@7up wrote:
Years ago despite people like yourself claiming that linux was super secure it transpired that it was the most hacked OS on the planet due to the number of webservers being attacked that were running various linux distros.
Microsoft vulnerabilites; 5151: https://www.cvedetails.com/vendor/26/Microsoft.html
Linux vulnerabilities; 1934: https://www.cvedetails.com/vendor/33/Linux.html
Look at the number of the "gain privilege" column totals. Or I can save you the trouble. MS: 589 Linux: 245. An even more important breakdown that isn't stated there would be the number of remote vs physical access privilege escalations there are. Linux has a high number with 245, but many of them require physical local access to the device, not remote. Those metrics ARE available to see when you investigate the above pages further though.
Look at the number of the "# of exploits" column totals for the above two links. Or again I can save you the trouble. MS: 196 Linux: 33.
Microsoft 196 vulnerability list; see the "access" column: https://www.cvedetails.com/vulnerability-list/vendor_id-26/hasexp-1/Microsoft.html
Linux 33 vulnerability list; see the "access" column: https://www.cvedetails.com/vulnerability-list/vendor_id-33/hasexp-1/Linux.html
Remote means you do not require physical access to the machine for the exploit. Local means you do. The Linux kernel has ONE remote exploit for ipv6 (something created by the IETF, not Linus Torvalds and the Linux Kernel programmers). Back in 2008. On the 2.6 kernel. We're now up to kernel 4.x.

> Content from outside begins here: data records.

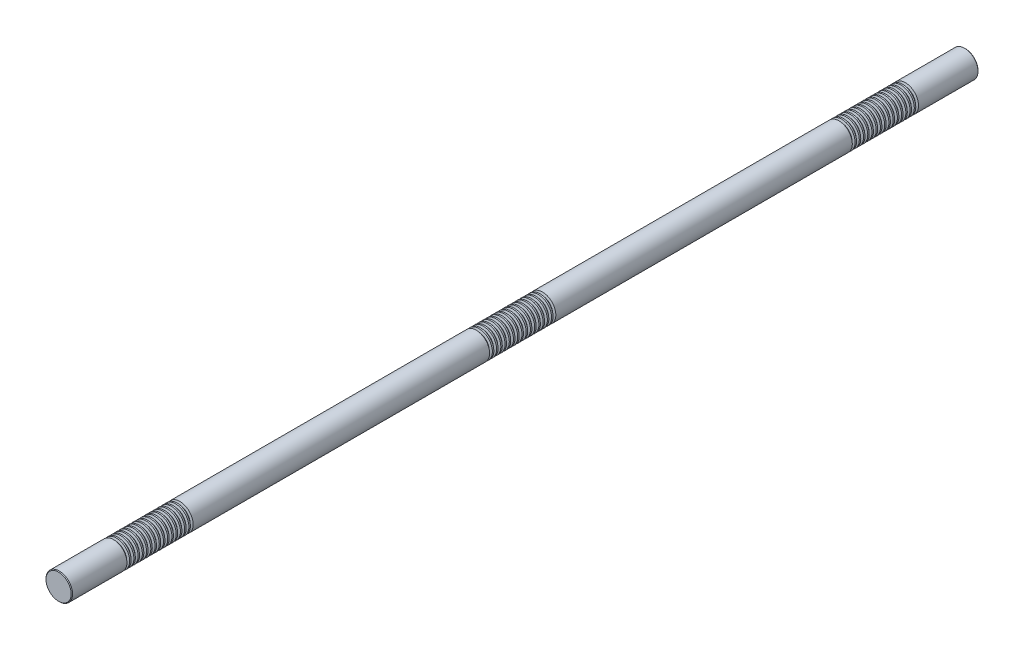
from build123d import *

# Parameters (mm, degrees)
SKETCH1_R           = 22
BOSS_EXTRUDE1_DEPTH = 750
CHAMFER1_SIZE       = 1.1
LPATTERN1_COUNT     = 16
LPATTERN1_PITCH     = 7
LPATTERN2_COUNT     = 3
LPATTERN2_PITCH     = 600


with BuildPart() as part:
    # Sketch1 → Boss-Extrude1 (new, symmetric)
    with BuildSketch(Plane.XY):
        Circle(SKETCH1_R)
    extrude(amount=BOSS_EXTRUDE1_DEPTH, both=True)

    # Chamfer1
    chamfer1_edges = [part.edges().sort_by_distance(p)[0] for p in [
        (-22, 0, -750),
        (-22, 0, 750),
    ]]
    chamfer(chamfer1_edges, length=CHAMFER1_SIZE)

    # Sketch2 → Cut-Revolve1 (revolve, cut)
    with BuildSketch(Plane(origin=(0, 0, 0), x_dir=(0, 0, -1), z_dir=(1, 0, 0)), mode=Mode.PRIVATE) as cut_revolve1_sk:
        Polygon((650.535898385, 22), (645.964101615, 22), (647.035898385, 18), (649.464101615, 18), align=None)
    cut_revolve1 = revolve(cut_revolve1_sk.sketch.rotate(Axis((0, 0, 750), (0, 0, -1)), 90), axis=Axis((0, 0, 750), (0, 0, -1)), mode=Mode.SUBTRACT)

    # LPattern1: Cut-Revolve1 ×16
    with Locations(*[(0, 0, i * LPATTERN1_PITCH) for i in range(1, LPATTERN1_COUNT)]):
        add(cut_revolve1, mode=Mode.SUBTRACT)

    # LPattern2: Cut-Revolve1 ×3
    with Locations(*[(0, 0, i * LPATTERN2_PITCH) for i in range(1, LPATTERN2_COUNT)]):
        add(cut_revolve1, mode=Mode.SUBTRACT)

    # LPattern2 copy 1 sketch → LPattern2 copy 1 (revolve, cut)
    with BuildSketch(Plane(origin=(0, 0, 607), x_dir=(0, 0, -1), z_dir=(1, 0, 0))):
        Polygon((650.535898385, 22), (645.964101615, 22), (647.035898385, 18), (649.464101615, 18), align=None)
    revolve(axis=Axis((0, 0, 1357), (0, 0, -1)), mode=Mode.SUBTRACT)

    # LPattern2 copy 2 sketch → LPattern2 copy 2 (revolve, cut)
    with BuildSketch(Plane(origin=(0, 0, 1207), x_dir=(0, 0, -1), z_dir=(1, 0, 0))):
        Polygon((650.535898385, 22), (645.964101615, 22), (647.035898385, 18), (649.464101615, 18), align=None)
    revolve(axis=Axis((0, 0, 1957), (0, 0, -1)), mode=Mode.SUBTRACT)

    # LPattern2 copy 3 sketch → LPattern2 copy 3 (revolve, cut)
    with BuildSketch(Plane(origin=(0, 0, 614), x_dir=(0, 0, -1), z_dir=(1, 0, 0))):
        Polygon((650.535898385, 22), (645.964101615, 22), (647.035898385, 18), (649.464101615, 18), align=None)
    revolve(axis=Axis((0, 0, 1364), (0, 0, -1)), mode=Mode.SUBTRACT)

    # LPattern2 copy 4 sketch → LPattern2 copy 4 (revolve, cut)
    with BuildSketch(Plane(origin=(0, 0, 1214), x_dir=(0, 0, -1), z_dir=(1, 0, 0))):
        Polygon((650.535898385, 22), (645.964101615, 22), (647.035898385, 18), (649.464101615, 18), align=None)
    revolve(axis=Axis((0, 0, 1964), (0, 0, -1)), mode=Mode.SUBTRACT)

    # LPattern2 copy 5 sketch → LPattern2 copy 5 (revolve, cut)
    with BuildSketch(Plane(origin=(0, 0, 621), x_dir=(0, 0, -1), z_dir=(1, 0, 0))):
        Polygon((650.535898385, 22), (645.964101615, 22), (647.035898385, 18), (649.464101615, 18), align=None)
    revolve(axis=Axis((0, 0, 1371), (0, 0, -1)), mode=Mode.SUBTRACT)

    # LPattern2 copy 6 sketch → LPattern2 copy 6 (revolve, cut)
    with BuildSketch(Plane(origin=(0, 0, 1221), x_dir=(0, 0, -1), z_dir=(1, 0, 0))):
        Polygon((650.535898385, 22), (645.964101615, 22), (647.035898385, 18), (649.464101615, 18), align=None)
    revolve(axis=Axis((0, 0, 1971), (0, 0, -1)), mode=Mode.SUBTRACT)

    # LPattern2 copy 7 sketch → LPattern2 copy 7 (revolve, cut)
    with BuildSketch(Plane(origin=(0, 0, 628), x_dir=(0, 0, -1), z_dir=(1, 0, 0))):
        Polygon((650.535898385, 22), (645.964101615, 22), (647.035898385, 18), (649.464101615, 18), align=None)
    revolve(axis=Axis((0, 0, 1378), (0, 0, -1)), mode=Mode.SUBTRACT)

    # LPattern2 copy 8 sketch → LPattern2 copy 8 (revolve, cut)
    with BuildSketch(Plane(origin=(0, 0, 1228), x_dir=(0, 0, -1), z_dir=(1, 0, 0))):
        Polygon((650.535898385, 22), (645.964101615, 22), (647.035898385, 18), (649.464101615, 18), align=None)
    revolve(axis=Axis((0, 0, 1978), (0, 0, -1)), mode=Mode.SUBTRACT)

    # LPattern2 copy 9 sketch → LPattern2 copy 9 (revolve, cut)
    with BuildSketch(Plane(origin=(0, 0, 635), x_dir=(0, 0, -1), z_dir=(1, 0, 0))):
        Polygon((650.535898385, 22), (645.964101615, 22), (647.035898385, 18), (649.464101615, 18), align=None)
    revolve(axis=Axis((0, 0, 1385), (0, 0, -1)), mode=Mode.SUBTRACT)

    # LPattern2 copy 10 sketch → LPattern2 copy 10 (revolve, cut)
    with BuildSketch(Plane(origin=(0, 0, 1235), x_dir=(0, 0, -1), z_dir=(1, 0, 0))):
        Polygon((650.535898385, 22), (645.964101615, 22), (647.035898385, 18), (649.464101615, 18), align=None)
    revolve(axis=Axis((0, 0, 1985), (0, 0, -1)), mode=Mode.SUBTRACT)

    # LPattern2 copy 11 sketch → LPattern2 copy 11 (revolve, cut)
    with BuildSketch(Plane(origin=(0, 0, 642), x_dir=(0, 0, -1), z_dir=(1, 0, 0))):
        Polygon((650.535898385, 22), (645.964101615, 22), (647.035898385, 18), (649.464101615, 18), align=None)
    revolve(axis=Axis((0, 0, 1392), (0, 0, -1)), mode=Mode.SUBTRACT)

    # LPattern2 copy 12 sketch → LPattern2 copy 12 (revolve, cut)
    with BuildSketch(Plane(origin=(0, 0, 1242), x_dir=(0, 0, -1), z_dir=(1, 0, 0))):
        Polygon((650.535898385, 22), (645.964101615, 22), (647.035898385, 18), (649.464101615, 18), align=None)
    revolve(axis=Axis((0, 0, 1992), (0, 0, -1)), mode=Mode.SUBTRACT)

    # LPattern2 copy 13 sketch → LPattern2 copy 13 (revolve, cut)
    with BuildSketch(Plane(origin=(0, 0, 649), x_dir=(0, 0, -1), z_dir=(1, 0, 0))):
        Polygon((650.535898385, 22), (645.964101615, 22), (647.035898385, 18), (649.464101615, 18), align=None)
    revolve(axis=Axis((0, 0, 1399), (0, 0, -1)), mode=Mode.SUBTRACT)

    # LPattern2 copy 14 sketch → LPattern2 copy 14 (revolve, cut)
    with BuildSketch(Plane(origin=(0, 0, 1249), x_dir=(0, 0, -1), z_dir=(1, 0, 0))):
        Polygon((650.535898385, 22), (645.964101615, 22), (647.035898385, 18), (649.464101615, 18), align=None)
    revolve(axis=Axis((0, 0, 1999), (0, 0, -1)), mode=Mode.SUBTRACT)

    # LPattern2 copy 15 sketch → LPattern2 copy 15 (revolve, cut)
    with BuildSketch(Plane(origin=(0, 0, 656), x_dir=(0, 0, -1), z_dir=(1, 0, 0))):
        Polygon((650.535898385, 22), (645.964101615, 22), (647.035898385, 18), (649.464101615, 18), align=None)
    revolve(axis=Axis((0, 0, 1406), (0, 0, -1)), mode=Mode.SUBTRACT)

    # LPattern2 copy 16 sketch → LPattern2 copy 16 (revolve, cut)
    with BuildSketch(Plane(origin=(0, 0, 1256), x_dir=(0, 0, -1), z_dir=(1, 0, 0))):
        Polygon((650.535898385, 22), (645.964101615, 22), (647.035898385, 18), (649.464101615, 18), align=None)
    revolve(axis=Axis((0, 0, 2006), (0, 0, -1)), mode=Mode.SUBTRACT)

    # LPattern2 copy 17 sketch → LPattern2 copy 17 (revolve, cut)
    with BuildSketch(Plane(origin=(0, 0, 663), x_dir=(0, 0, -1), z_dir=(1, 0, 0))):
        Polygon((650.535898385, 22), (645.964101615, 22), (647.035898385, 18), (649.464101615, 18), align=None)
    revolve(axis=Axis((0, 0, 1413), (0, 0, -1)), mode=Mode.SUBTRACT)

    # LPattern2 copy 18 sketch → LPattern2 copy 18 (revolve, cut)
    with BuildSketch(Plane(origin=(0, 0, 1263), x_dir=(0, 0, -1), z_dir=(1, 0, 0))):
        Polygon((650.535898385, 22), (645.964101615, 22), (647.035898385, 18), (649.464101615, 18), align=None)
    revolve(axis=Axis((0, 0, 2013), (0, 0, -1)), mode=Mode.SUBTRACT)

    # LPattern2 copy 19 sketch → LPattern2 copy 19 (revolve, cut)
    with BuildSketch(Plane(origin=(0, 0, 670), x_dir=(0, 0, -1), z_dir=(1, 0, 0))):
        Polygon((650.535898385, 22), (645.964101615, 22), (647.035898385, 18), (649.464101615, 18), align=None)
    revolve(axis=Axis((0, 0, 1420), (0, 0, -1)), mode=Mode.SUBTRACT)

    # LPattern2 copy 20 sketch → LPattern2 copy 20 (revolve, cut)
    with BuildSketch(Plane(origin=(0, 0, 1270), x_dir=(0, 0, -1), z_dir=(1, 0, 0))):
        Polygon((650.535898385, 22), (645.964101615, 22), (647.035898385, 18), (649.464101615, 18), align=None)
    revolve(axis=Axis((0, 0, 2020), (0, 0, -1)), mode=Mode.SUBTRACT)

    # LPattern2 copy 21 sketch → LPattern2 copy 21 (revolve, cut)
    with BuildSketch(Plane(origin=(0, 0, 677), x_dir=(0, 0, -1), z_dir=(1, 0, 0))):
        Polygon((650.535898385, 22), (645.964101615, 22), (647.035898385, 18), (649.464101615, 18), align=None)
    revolve(axis=Axis((0, 0, 1427), (0, 0, -1)), mode=Mode.SUBTRACT)

    # LPattern2 copy 22 sketch → LPattern2 copy 22 (revolve, cut)
    with BuildSketch(Plane(origin=(0, 0, 1277), x_dir=(0, 0, -1), z_dir=(1, 0, 0))):
        Polygon((650.535898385, 22), (645.964101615, 22), (647.035898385, 18), (649.464101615, 18), align=None)
    revolve(axis=Axis((0, 0, 2027), (0, 0, -1)), mode=Mode.SUBTRACT)

    # LPattern2 copy 23 sketch → LPattern2 copy 23 (revolve, cut)
    with BuildSketch(Plane(origin=(0, 0, 684), x_dir=(0, 0, -1), z_dir=(1, 0, 0))):
        Polygon((650.535898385, 22), (645.964101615, 22), (647.035898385, 18), (649.464101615, 18), align=None)
    revolve(axis=Axis((0, 0, 1434), (0, 0, -1)), mode=Mode.SUBTRACT)

    # LPattern2 copy 24 sketch → LPattern2 copy 24 (revolve, cut)
    with BuildSketch(Plane(origin=(0, 0, 1284), x_dir=(0, 0, -1), z_dir=(1, 0, 0))):
        Polygon((650.535898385, 22), (645.964101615, 22), (647.035898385, 18), (649.464101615, 18), align=None)
    revolve(axis=Axis((0, 0, 2034), (0, 0, -1)), mode=Mode.SUBTRACT)

    # LPattern2 copy 25 sketch → LPattern2 copy 25 (revolve, cut)
    with BuildSketch(Plane(origin=(0, 0, 691), x_dir=(0, 0, -1), z_dir=(1, 0, 0))):
        Polygon((650.535898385, 22), (645.964101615, 22), (647.035898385, 18), (649.464101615, 18), align=None)
    revolve(axis=Axis((0, 0, 1441), (0, 0, -1)), mode=Mode.SUBTRACT)

    # LPattern2 copy 26 sketch → LPattern2 copy 26 (revolve, cut)
    with BuildSketch(Plane(origin=(0, 0, 1291), x_dir=(0, 0, -1), z_dir=(1, 0, 0))):
        Polygon((650.535898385, 22), (645.964101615, 22), (647.035898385, 18), (649.464101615, 18), align=None)
    revolve(axis=Axis((0, 0, 2041), (0, 0, -1)), mode=Mode.SUBTRACT)

    # LPattern2 copy 27 sketch → LPattern2 copy 27 (revolve, cut)
    with BuildSketch(Plane(origin=(0, 0, 698), x_dir=(0, 0, -1), z_dir=(1, 0, 0))):
        Polygon((650.535898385, 22), (645.964101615, 22), (647.035898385, 18), (649.464101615, 18), align=None)
    revolve(axis=Axis((0, 0, 1448), (0, 0, -1)), mode=Mode.SUBTRACT)

    # LPattern2 copy 28 sketch → LPattern2 copy 28 (revolve, cut)
    with BuildSketch(Plane(origin=(0, 0, 1298), x_dir=(0, 0, -1), z_dir=(1, 0, 0))):
        Polygon((650.535898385, 22), (645.964101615, 22), (647.035898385, 18), (649.464101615, 18), align=None)
    revolve(axis=Axis((0, 0, 2048), (0, 0, -1)), mode=Mode.SUBTRACT)

    # LPattern2 copy 29 sketch → LPattern2 copy 29 (revolve, cut)
    with BuildSketch(Plane(origin=(0, 0, 705), x_dir=(0, 0, -1), z_dir=(1, 0, 0))):
        Polygon((650.535898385, 22), (645.964101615, 22), (647.035898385, 18), (649.464101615, 18), align=None)
    revolve(axis=Axis((0, 0, 1455), (0, 0, -1)), mode=Mode.SUBTRACT)

    # LPattern2 copy 30 sketch → LPattern2 copy 30 (revolve, cut)
    with BuildSketch(Plane(origin=(0, 0, 1305), x_dir=(0, 0, -1), z_dir=(1, 0, 0))):
        Polygon((650.535898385, 22), (645.964101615, 22), (647.035898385, 18), (649.464101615, 18), align=None)
    revolve(axis=Axis((0, 0, 2055), (0, 0, -1)), mode=Mode.SUBTRACT)


solid = part.part

Also note the "gained access level" column. In particular how many times the word "admin" appears. It appears twice for Linux (again, on the 2.6 kernel). It appears considerably more for Microsoft.
Top 50 vulnerable list; Microsoft 1st. Linux 8th: https://www.cvedetails.com/top-50-vendors.php
Linux is a kernel. Not an operating system. The suite of tools on top of Linux are what make an operating system. That's why Richard Stallman has his "GNU/Linux" meme.
Back in the day most Linux servers were exploited because of the software on top (actually they still are). SSH was one such piece of software. That exploit even famously made it's way into the Matrix Reloaded film. Other forms of attacks were on web serving software (such as Apache) or website software (written in PHP), that does not detract from Linux kernel security.
The thing about open source software is people can see bugs and holes and patch them before they get spotted by others and a CVE is even required. Most of the time however, security researches find a bug or hole and create a proof of concept, they notify the software authors, the software authors write and issue a patch and then the security researcher announces their exploit and the CVE for it. But it doesn't matter, since the software has already had a patch rolled out. The only people who sit on exploits are 'the bad guys'.
Closed source software on the other hand doesn't have to announce anything. Microsoft only announces CVEs when they're highly critical, or already being exploited. As we saw with WannaCry, they will also willingly sit on patches they have created for security holes they know exist and are critical, and SHOULD have deployed to all versions of their OS the vulnerability was related to. But only did so when the risk of public relations disaster blow back became so bad they had to release them.
It turned out that windows suffered far less hacks though it suffered from more viral / malware attacks.
Food for thought..
Are you implying that viral and malware attacks are any less severe than kernel based attacks?